Let me start with a quote from Tim Barnes Lee, the founder of the Internet. He said, “Data is a precious thing because they last longer than systems”. For example, if you take systems like Google or Yahoo, you will many who argue that the data those companies have collected over their operation are indeed the most important assert they have. Those data give them power to either optimize what they do or to go on new directions.
If you look around, you will see there is so much data being available. Let me try to touch on few types of data.
- Sensors – Human activities (e.g. near field communication), RFID, Nature (Weather), Surveillance, Traffic, Intelligence etc.
- Activities in World Wide Web
- POS and transaction logs
- Social networks
- Data collected by governments, NGOs etc.
The paper, Miller, H.J., The Data Avalanche is here, Shouldn’t we be digging? Journal of Regional Science, 2010, is a nice discussion on the subject.
Data do come in many shapes and forms. Some of them are moving data—or data steams–while others are in rest; some are public, some are tightly controlled; some are small, and some are large etc.
Thinks about a day in your life, and you will realize how much data are around you, that you know that is available; but very hard to accessed or processed. For example, do you know the distribution of your spending? Why it is so hard to find the best deal to by a used car? Why cannot I find the best route to drive now? the list goes on and on..
It is said that we are drowning in an ocean of data, and making sense of that data is considered to be the challenge for our time. To think about it, Google have made a fortune by solving a seemingly simple problem: the content-based search. There are so many companies that either provide data (e.g. Maps, best deals) or provide add on services on top of the data (e.g. analytics, targeted advertising etc.).
As I mentioned earlier, we have two types of data. First, moving data are data streams, and users want to process them near real time to either adopt themselves (e.g. monitoring the stock market) or to control the outcome (e.g. Battle field observations or logistic management). The Second is data in the rest. We want to store them, search then, and then process them. This processing is for either to detect some patterns (fraud detection, anti-money laundering, surveillance) or to make predications (e.g. predict the cost of a project, predict natural disasters).
So broadly we have two main challenges.
- How to store and query data in a scalable manner?
- How to make sense of data (how to run the transformations data->information->knowledge ->insight)
And there are many other challenges, and following are some of them.
- Supporting semantics. This includes extracting semantics from data (e.g. using heuristics based AI systems or through statistical methods) and supporting efficient semantics based queries.
- Supporting multiple representations of the same data. Does converting on demand is the right way to go or should we standardize? Does standardization is practical?
- Master data management – Making sure all copies of data are updated, and any related data is identified, referenced and updated together.
- Data ownership, delegation, and permissions.
- Privacy concerns: unintended use of data and ability to correlation too much information.
- Exposing private data in a controlled manner.

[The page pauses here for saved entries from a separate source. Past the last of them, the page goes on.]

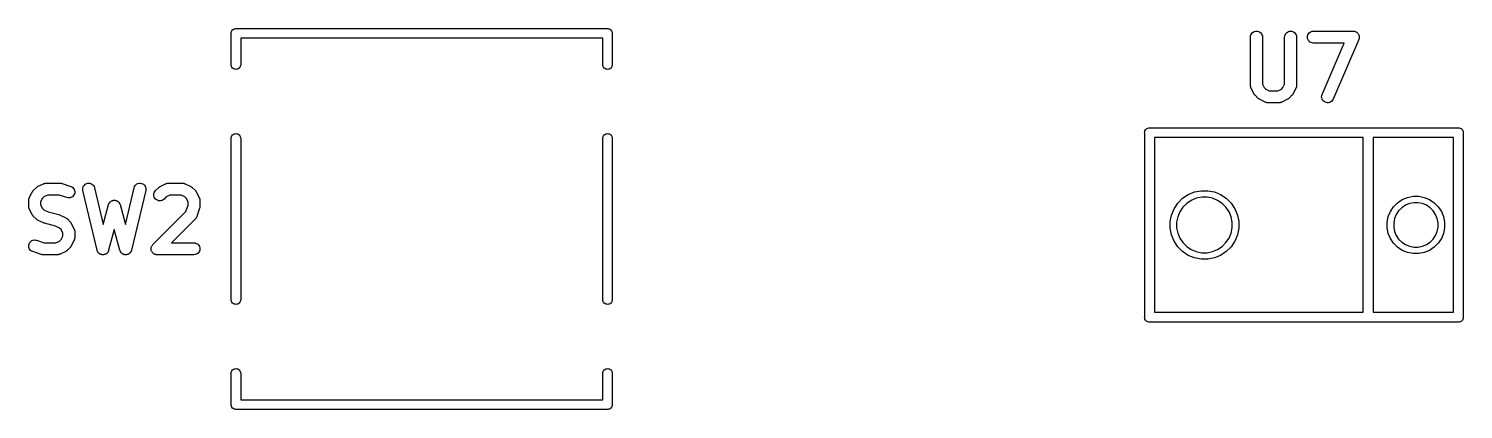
# Model space of a CAD drawing. Extents: x 103.7 to 141.7, y -118.9 to -76.1.
# Drawn here: x 103.83 to 122.13, y -118.91 to -114.05 of the extents above; entities that cross this region are included whole.
import ezdxf

# ---------------------------------------------------------------- set-up
doc = ezdxf.new("R2010")
doc.units = 0
doc.layers.add('BLACK', color=7, linetype='CONTINUOUS')

msp = doc.modelspace()

# ---------------------------------------------------------------- linework, layer by layer
at = {"layer": 'BLACK', "linetype": 'CONTINUOUS'}
for p, q in [((106.416, -114.114), (106.417, -114.102)), ((106.417, -114.117), (106.416, -114.114)), ((106.417, -114.102), (106.421, -114.091)), ((106.417, -114.517), (106.417, -114.117)), ((106.421, -114.091), (106.426, -114.081)), ((106.426, -114.081), (106.434, -114.071)), ((106.434, -114.071), (106.443, -114.064)), ((106.443, -114.064), (106.454, -114.058)), ((106.454, -114.058), (106.465, -114.055)), ((106.465, -114.055), (106.474, -114.054)), ((106.474, -114.054), (106.477, -114.054)), ((106.477, -114.054), (106.48, -114.054)), ((106.48, -114.054), (111.214, -114.054)), ((111.157, -114.174), (106.537, -114.174)), ((106.537, -114.174), (106.537, -114.517)), ((111.157, -114.517), (111.157, -114.174)), ((111.214, -114.054), (111.217, -114.054)), ((111.217, -114.054), (111.22, -114.054)), ((111.22, -114.054), (111.22, -114.054)), ((111.22, -114.054), (111.228, -114.055)), ((111.228, -114.055), (111.24, -114.058)), ((111.24, -114.058), (111.25, -114.064)), ((111.25, -114.064), (111.259, -114.071)), ((111.259, -114.071), (111.267, -114.081)), ((111.267, -114.081), (111.272, -114.091)), ((111.272, -114.091), (111.276, -114.102)), ((111.276, -114.102), (111.277, -114.114)), ((111.277, -114.114), (111.277, -114.117)), ((111.277, -114.117), (111.277, -114.517)), ((119.417, -114.161), (119.418, -114.146)), ((119.417, -114.162), (119.417, -114.161)), ((119.417, -114.779), (119.417, -114.162)), ((119.418, -114.146), (119.423, -114.132)), ((119.423, -114.132), (119.43, -114.119)), ((119.43, -114.119), (119.44, -114.107)), ((119.44, -114.107), (119.451, -114.098)), ((119.451, -114.098), (119.464, -114.091)), ((119.464, -114.091), (119.479, -114.087)), ((119.479, -114.087), (119.493, -114.086)), ((119.493, -114.086), (119.508, -114.087)), ((119.508, -114.087), (119.522, -114.091)), ((119.522, -114.091), (119.535, -114.099)), ((119.535, -114.099), (119.547, -114.108)), ((119.547, -114.108), (119.556, -114.12)), ((119.556, -114.12), (119.563, -114.133)), ((119.563, -114.133), (119.568, -114.147)), ((119.568, -114.147), (119.569, -114.162)), ((119.569, -114.162), (119.569, -114.761)), ((119.852, -114.161), (119.854, -114.146)), ((119.852, -114.162), (119.852, -114.161)), ((119.852, -114.761), (119.852, -114.162)), ((119.854, -114.146), (119.858, -114.132)), ((119.858, -114.132), (119.865, -114.119)), ((119.865, -114.119), (119.875, -114.107)), ((119.875, -114.107), (119.887, -114.098)), ((119.887, -114.098), (119.9, -114.091)), ((119.9, -114.091), (119.914, -114.087)), ((119.914, -114.087), (119.929, -114.086)), ((119.929, -114.086), (119.944, -114.087)), ((119.944, -114.087), (119.958, -114.091)), ((119.958, -114.091), (119.971, -114.099)), ((119.971, -114.099), (119.982, -114.108)), ((119.982, -114.108), (119.992, -114.12)), ((119.992, -114.12), (119.999, -114.133)), ((119.999, -114.133), (120.003, -114.147)), ((120.003, -114.147), (120.004, -114.162)), ((120.004, -114.162), (120.004, -114.779)), ((120.142, -114.161), (120.144, -114.146)), ((120.144, -114.176), (120.142, -114.161)), ((120.144, -114.146), (120.148, -114.132)), ((120.148, -114.19), (120.144, -114.176)), ((120.148, -114.132), (120.155, -114.119)), ((120.155, -114.119), (120.165, -114.108)), ((120.165, -114.108), (120.176, -114.098)), ((120.176, -114.098), (120.19, -114.091)), ((120.19, -114.091), (120.204, -114.087)), ((120.204, -114.087), (120.219, -114.086)), ((120.219, -114.086), (120.727, -114.086)), ((120.727, -114.086), (120.728, -114.086)), ((120.728, -114.086), (120.728, -114.086)), ((120.728, -114.086), (120.728, -114.086)), ((120.728, -114.086), (120.735, -114.086)), ((120.735, -114.086), (120.742, -114.087)), ((120.742, -114.087), (120.743, -114.087)), ((120.743, -114.087), (120.743, -114.087)), ((120.743, -114.087), (120.75, -114.089)), ((120.75, -114.089), (120.757, -114.092)), ((120.757, -114.092), (120.757, -114.092)), ((120.757, -114.092), (120.757, -114.092)), ((120.757, -114.092), (120.763, -114.095)), ((120.763, -114.095), (120.77, -114.099)), ((120.77, -114.099), (120.77, -114.099)), ((120.77, -114.099), (120.77, -114.099)), ((120.77, -114.099), (120.776, -114.104)), ((120.776, -114.104), (120.781, -114.108)), ((120.781, -114.108), (120.781, -114.109)), ((120.781, -114.109), (120.781, -114.109)), ((120.781, -114.109), (120.786, -114.114)), ((120.786, -114.114), (120.79, -114.12)), ((120.79, -114.12), (120.79, -114.12)), ((120.79, -114.12), (120.791, -114.12)), ((120.791, -114.12), (120.794, -114.127)), ((120.794, -114.127), (120.797, -114.133)), ((120.797, -114.133), (120.797, -114.133)), ((120.797, -114.133), (120.797, -114.134)), ((120.797, -114.134), (120.799, -114.141)), ((120.799, -114.141), (120.801, -114.147)), ((120.801, -114.178), (120.799, -114.184)), ((120.801, -114.147), (120.801, -114.148)), ((120.801, -114.148), (120.801, -114.148)), ((120.801, -114.148), (120.802, -114.155)), ((120.802, -114.17), (120.801, -114.177)), ((120.801, -114.177), (120.801, -114.177)), ((120.801, -114.177), (120.801, -114.178)), ((120.802, -114.155), (120.803, -114.162)), ((120.803, -114.163), (120.802, -114.17)), ((120.803, -114.162), (120.803, -114.163)), ((120.803, -114.163), (120.803, -114.163)), ((120.155, -114.203), (120.148, -114.19)), ((120.164, -114.215), (120.155, -114.203)), ((120.175, -114.225), (120.164, -114.215)), ((120.189, -114.232), (120.175, -114.225)), ((120.203, -114.236), (120.189, -114.232)), ((120.217, -114.238), (120.203, -114.236)), ((120.219, -114.238), (120.217, -114.238)), ((120.611, -114.238), (120.219, -114.238)), ((120.33, -114.894), (120.611, -114.238)), ((120.797, -114.192), (120.47, -114.954)), ((120.799, -114.184), (120.797, -114.191)), ((120.797, -114.191), (120.797, -114.191)), ((120.797, -114.191), (120.797, -114.192)), ((106.417, -114.526), (106.417, -114.517)), ((106.421, -114.537), (106.417, -114.526)), ((106.426, -114.547), (106.421, -114.537)), ((106.532, -114.537), (106.527, -114.547)), ((106.536, -114.526), (106.532, -114.537)), ((106.537, -114.517), (106.536, -114.526)), ((111.157, -114.526), (111.157, -114.517)), ((111.161, -114.537), (111.157, -114.526)), ((111.166, -114.547), (111.161, -114.537)), ((111.272, -114.537), (111.267, -114.547)), ((111.276, -114.526), (111.272, -114.537)), ((111.277, -114.517), (111.276, -114.526)), ((106.434, -114.557), (106.426, -114.547)), ((106.443, -114.564), (106.434, -114.557)), ((106.454, -114.57), (106.443, -114.564)), ((106.465, -114.573), (106.454, -114.57)), ((106.477, -114.574), (106.465, -114.573)), ((106.488, -114.573), (106.477, -114.574)), ((106.5, -114.57), (106.488, -114.573)), ((106.51, -114.564), (106.5, -114.57)), ((106.519, -114.557), (106.51, -114.564)), ((106.527, -114.547), (106.519, -114.557)), ((111.174, -114.557), (111.166, -114.547)), ((111.183, -114.564), (111.174, -114.557)), ((111.194, -114.57), (111.183, -114.564)), ((111.205, -114.573), (111.194, -114.57)), ((111.217, -114.574), (111.205, -114.573)), ((111.228, -114.573), (111.217, -114.574)), ((111.24, -114.57), (111.228, -114.573)), ((111.25, -114.564), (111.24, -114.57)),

- Making data accessible to all intended parties, from anywhere, anytime, from any device, through any format (subjected to permissions).
- Making close to real-time decisions with large-scale data (e.g. targeted advertising). Or in other words how to make analytical jobs faster.
- Distributed frameworks and languages to process large data processing tasks. Is Map-Reduce good enough? What about other parallel problems?
- Ability to measure the confidence associated with results generated from a given set of data.
- Taking decisions in the face of missing data (e.g. lost events etc.). Regardless of the design, some of the data will be lost while monitoring the system. Then decisions models have to still work, and be able to ignore or interpolate missing data.
I am not trying to explain the solutions here, but hopefully I will write future posts talking about state of art about some of the challenges.